_Exercise directions_
Among the entries below, one stretch runs from the line that contains "DC Motor : S-Function" through the line that contains "Steps : Constant". Repeat that stretch exactly, ends included, and only that.

Stored entries:
* * * * *
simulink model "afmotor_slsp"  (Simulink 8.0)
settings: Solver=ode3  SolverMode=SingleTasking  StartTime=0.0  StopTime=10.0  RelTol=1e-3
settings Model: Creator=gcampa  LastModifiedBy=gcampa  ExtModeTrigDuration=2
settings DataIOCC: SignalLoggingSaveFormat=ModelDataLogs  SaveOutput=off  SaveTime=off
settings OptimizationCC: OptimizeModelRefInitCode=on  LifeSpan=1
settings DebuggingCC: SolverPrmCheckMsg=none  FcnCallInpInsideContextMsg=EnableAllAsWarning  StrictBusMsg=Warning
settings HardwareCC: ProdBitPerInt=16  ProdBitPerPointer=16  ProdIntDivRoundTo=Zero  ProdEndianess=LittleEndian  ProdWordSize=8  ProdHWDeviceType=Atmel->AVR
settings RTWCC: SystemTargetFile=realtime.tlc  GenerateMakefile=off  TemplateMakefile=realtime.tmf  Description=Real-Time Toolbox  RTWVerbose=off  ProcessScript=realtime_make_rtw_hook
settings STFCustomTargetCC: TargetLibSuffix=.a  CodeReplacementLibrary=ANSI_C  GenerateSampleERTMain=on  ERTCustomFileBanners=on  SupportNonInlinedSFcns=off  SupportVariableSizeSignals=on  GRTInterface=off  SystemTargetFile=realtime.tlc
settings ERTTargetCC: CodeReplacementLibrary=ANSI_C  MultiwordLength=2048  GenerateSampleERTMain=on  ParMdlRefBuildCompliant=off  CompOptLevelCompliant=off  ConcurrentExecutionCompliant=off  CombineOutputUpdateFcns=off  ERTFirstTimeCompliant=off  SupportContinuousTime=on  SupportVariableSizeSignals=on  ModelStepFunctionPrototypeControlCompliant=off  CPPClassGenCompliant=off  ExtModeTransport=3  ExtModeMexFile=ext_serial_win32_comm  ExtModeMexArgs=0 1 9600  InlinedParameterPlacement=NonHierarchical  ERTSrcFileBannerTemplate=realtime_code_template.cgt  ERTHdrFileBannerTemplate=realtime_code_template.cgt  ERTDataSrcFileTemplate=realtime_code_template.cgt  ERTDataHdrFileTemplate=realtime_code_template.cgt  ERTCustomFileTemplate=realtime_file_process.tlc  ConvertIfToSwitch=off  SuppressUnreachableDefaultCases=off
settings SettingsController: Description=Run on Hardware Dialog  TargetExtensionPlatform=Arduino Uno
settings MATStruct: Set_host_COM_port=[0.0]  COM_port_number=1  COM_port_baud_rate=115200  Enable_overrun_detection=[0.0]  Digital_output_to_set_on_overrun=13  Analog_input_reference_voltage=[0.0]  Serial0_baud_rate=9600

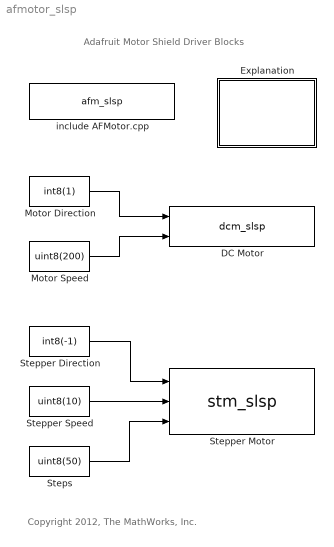
== system afmotor_slsp ==
  note: Adafruit Motor Shield Driver Blocks
  note: Copyright 2012, The MathWorks, Inc.
  DC Motor : S-Function  InitFcn=try, set_param(gcb,'FunctionName','dcm_slsp'), end  FunctionName=dcm_slsp  Parameters=uint8(4)  SFunctionModules=dcm_slsp_wrapper  WizardData=DataTag0  EnableBusSupport=off  mask(S-Function Builder){}
      mask init:
      | val = [[.9  0.75 0.75 1 1 .9 .9 1]',[1 1 0.75 0.75 .9 .9 1 .9]'];try , sys = get_param(gcb,'SfunBuilderFcnName');if isempty(sys), sys = get_param(gcb,'FunctionName'); end,catch, sys = get_param(gcb,'FunctionName'); end
      settings: CopyFcn=set_param(gcbh,'LinkStatus','none')  PreSaveFcn=try, set_param(gcb,'FunctionName','dcm_slsp'), end  OpenFcn=sfunctionwizard(gcbh)
      mask Display: plot(val(:,1),val(:,2)),disp(sys), port_label('input',1,'dir'), port_label('input',2,'spd')
  Explanation : Subsystem
      mask Display: disp('Double click \nfor explanation')
  Motor Direction : Constant  Value=int8(1)
  Motor Speed : Constant  Value=uint8(200)
  Stepper Direction : Constant  Value=int8(-1)
  Stepper Motor : S-Function  InitFcn=try, set_param(gcb,'FunctionName','stm_slsp'), end  FunctionName=stm_slsp  Parameters=uint8(1),uint8(1)  SFunctionModules=stm_slsp_wrapper  WizardData=DataTag1  EnableBusSupport=off  mask(S-Function Builder){}
      mask init: same as afmotor_slsp/DC Motor
      settings: CopyFcn=set_param(gcbh,'LinkStatus','none')  PreSaveFcn=try, set_param(gcb,'FunctionName','stm_slsp'), end  OpenFcn=sfunctionwizard(gcbh)
      mask Display: plot(val(:,1),val(:,2)),disp(sys), port_label('input',1,'dir'), port_label('input',2,'spd'), port_label('input',3,'stp')
  Stepper Speed : Constant  Value=uint8(10)
  Steps : Constant  Value=uint8(50)
  include AFMotor.cpp : S-Function  InitFcn=try, set_param(gcb,'FunctionName','afm_slsp'), end  FunctionName=afm_slsp  SFunctionModules=afm_slsp_wrapper  WizardData=DataTag2  EnableBusSupport=off  mask(S-Function Builder){}
      mask help: Simulink:masks:SFunctionBuilder_MD
      mask init: same as afmotor_slsp/DC Motor
      settings: CopyFcn=set_param(gcbh,'LinkStatus','none')  PreSaveFcn=try, set_param(gcb,'FunctionName','afm_slsp'), end  OpenFcn=sfunctionwizard(gcbh)
      mask Display:
      | plot(val(:,1),val(:,2))
      | disp(sys)
  wires:
  Stepper Direction/1 -> Stepper Motor/1
  Stepper Speed/1 -> Stepper Motor/2
  Steps/1 -> Stepper Motor/3
  Motor Direction/1 -> DC Motor/1
  Motor Speed/1 -> DC Motor/2

== system afmotor_slsp/Explanation ==
  note: GENERAL EXPLANATION:
      | --------------------------------------
      |
      | This model contains DC and Stepper Motor drivers for use with the (Arduino)
      | Adafruit Motor Shield (http://www.adafruit.com/products/81).
      |
      |
      | RUNNING THE MODEL ON THE BOARD:
      | ----------------------------------------------------------
      |
      | To run the model on an arduino board you should:
      |
      | 1) run "targetinstaller" from the MATLAB command line and install the simulink
      | support package for arduino.
      |
      | 2) In the model, go to "Tools -> Run on Target Hardware -> Prepare to Run" or
      | "Tools -> Run on Target Hardware -> Options..." to make sure that the settings
      | correspond to your version of arduino board.
      |
      | 3) download the adafruit motor library from
      | https://github.com/adafruit/Adafruit-Motor-Shield-library/zipball/master,
      | uncompress it, and place both AFMotor.h and AFMotor.cpp in the current MATLAB
      | folder where the model is.
      |
      | 4) Build the s-functions and TLC files by clicking on the "Build/Save" button of each
      | of the three the s-function builder dialog boxes.
      |
      | 5) Rename the *_wrapper.c files to *_wrapper.cpp, then open them and and add :
      | ' extern "C" ' right before the definition of the update and output functions
      | (before the void). Also see page 17 of the DriverGuide.pdf
      |  document for an explanation of why this is necessary.
      |
      | 6) Simulate the model to check that there are no errors.
      | (The model should not do anything in simulation).
      |
      | 7) Make sure the board is connected, and go to "Tools -> Run on Target Hardware
      | -> Run". This will build an arduino executable and download it on the board.
      | If the Motor Shield is mounted on the top the executable should run a DC motor
      | on port #4 and move the stepper motor connected on ports 1 and 2 every 2 seconds.
      |
      | 8) Note that every time you change a parameter in any of the s-function
      | builder blocks, steps 4 to 7 need to be redone. Also note that you need the
      |  "include AFMotor.cpp" block to be in the model
      |  when using either of the two motor driver blocks.
      |
      |
      | DC MOTOR BLOCK:
      | -----------------------------
      |
      | Every time this block is executed it sets direction and speed of a given DC motor.
      |
      | The first input is the direction (mode) of the motor (positive=forward, 0=release,
      | negative=backward), while the second input is the desired speed (0 to 255).
      | The parameter in the mask is the number of the motor (1 to 4).
      |
      |
      | STEPPER MOTOR BLOCK:
      | ---------------------------------------
      |
      | Every time this block is executed it rotates a given stepper motor by a given
      | number of steps. Execution is suspended while the motor is running and is
      | resumed when the motor completes its rotation.
      |
      | The first input is the direction (mode) of the motor (positive=forward,
      | 0=release, negative=backward), the second input is the desired speed (0 to 255),
      | and the third is the number of desired steps (0 to 255). The first parameter in the
      | mask is the number of the stepper motor (1 or 2). The second parameter is the
      | motion style (single, double, interleave, microstep).
      |
      |
      | SEE ALSO:
      | ----------------
      | Note that many of the block parameters are the same as the ones used in the
      | MATLAB Support Package for Arduino, so you might also have a look at that
      | package for additional explanations:
      | http://www.mathworks.com/matlabcentral/fileexchange/32374
* * * * *
_Response below_
  DC Motor : S-Function  InitFcn=try, set_param(gcb,'FunctionName','dcm_slsp'), end  FunctionName=dcm_slsp  Parameters=uint8(4)  SFunctionModules=dcm_slsp_wrapper  WizardData=DataTag0  EnableBusSupport=off  mask(S-Function Builder){}
      mask init:
      | val = [[.9  0.75 0.75 1 1 .9 .9 1]',[1 1 0.75 0.75 .9 .9 1 .9]'];try , sys = get_param(gcb,'SfunBuilderFcnName');if isempty(sys), sys = get_param(gcb,'FunctionName'); end,catch, sys = get_param(gcb,'FunctionName'); end
      settings: CopyFcn=set_param(gcbh,'LinkStatus','none')  PreSaveFcn=try, set_param(gcb,'FunctionName','dcm_slsp'), end  OpenFcn=sfunctionwizard(gcbh)
      mask Display: plot(val(:,1),val(:,2)),disp(sys), port_label('input',1,'dir'), port_label('input',2,'spd')
  Explanation : Subsystem
      mask Display: disp('Double click \nfor explanation')
  Motor Direction : Constant  Value=int8(1)
  Motor Speed : Constant  Value=uint8(200)
  Stepper Direction : Constant  Value=int8(-1)
  Stepper Motor : S-Function  InitFcn=try, set_param(gcb,'FunctionName','stm_slsp'), end  FunctionName=stm_slsp  Parameters=uint8(1),uint8(1)  SFunctionModules=stm_slsp_wrapper  WizardData=DataTag1  EnableBusSupport=off  mask(S-Function Builder){}
      mask init: same as afmotor_slsp/DC Motor
      settings: CopyFcn=set_param(gcbh,'LinkStatus','none')  PreSaveFcn=try, set_param(gcb,'FunctionName','stm_slsp'), end  OpenFcn=sfunctionwizard(gcbh)
      mask Display: plot(val(:,1),val(:,2)),disp(sys), port_label('input',1,'dir'), port_label('input',2,'spd'), port_label('input',3,'stp')
  Stepper Speed : Constant  Value=uint8(10)
  Steps : Constant  Value=uint8(50)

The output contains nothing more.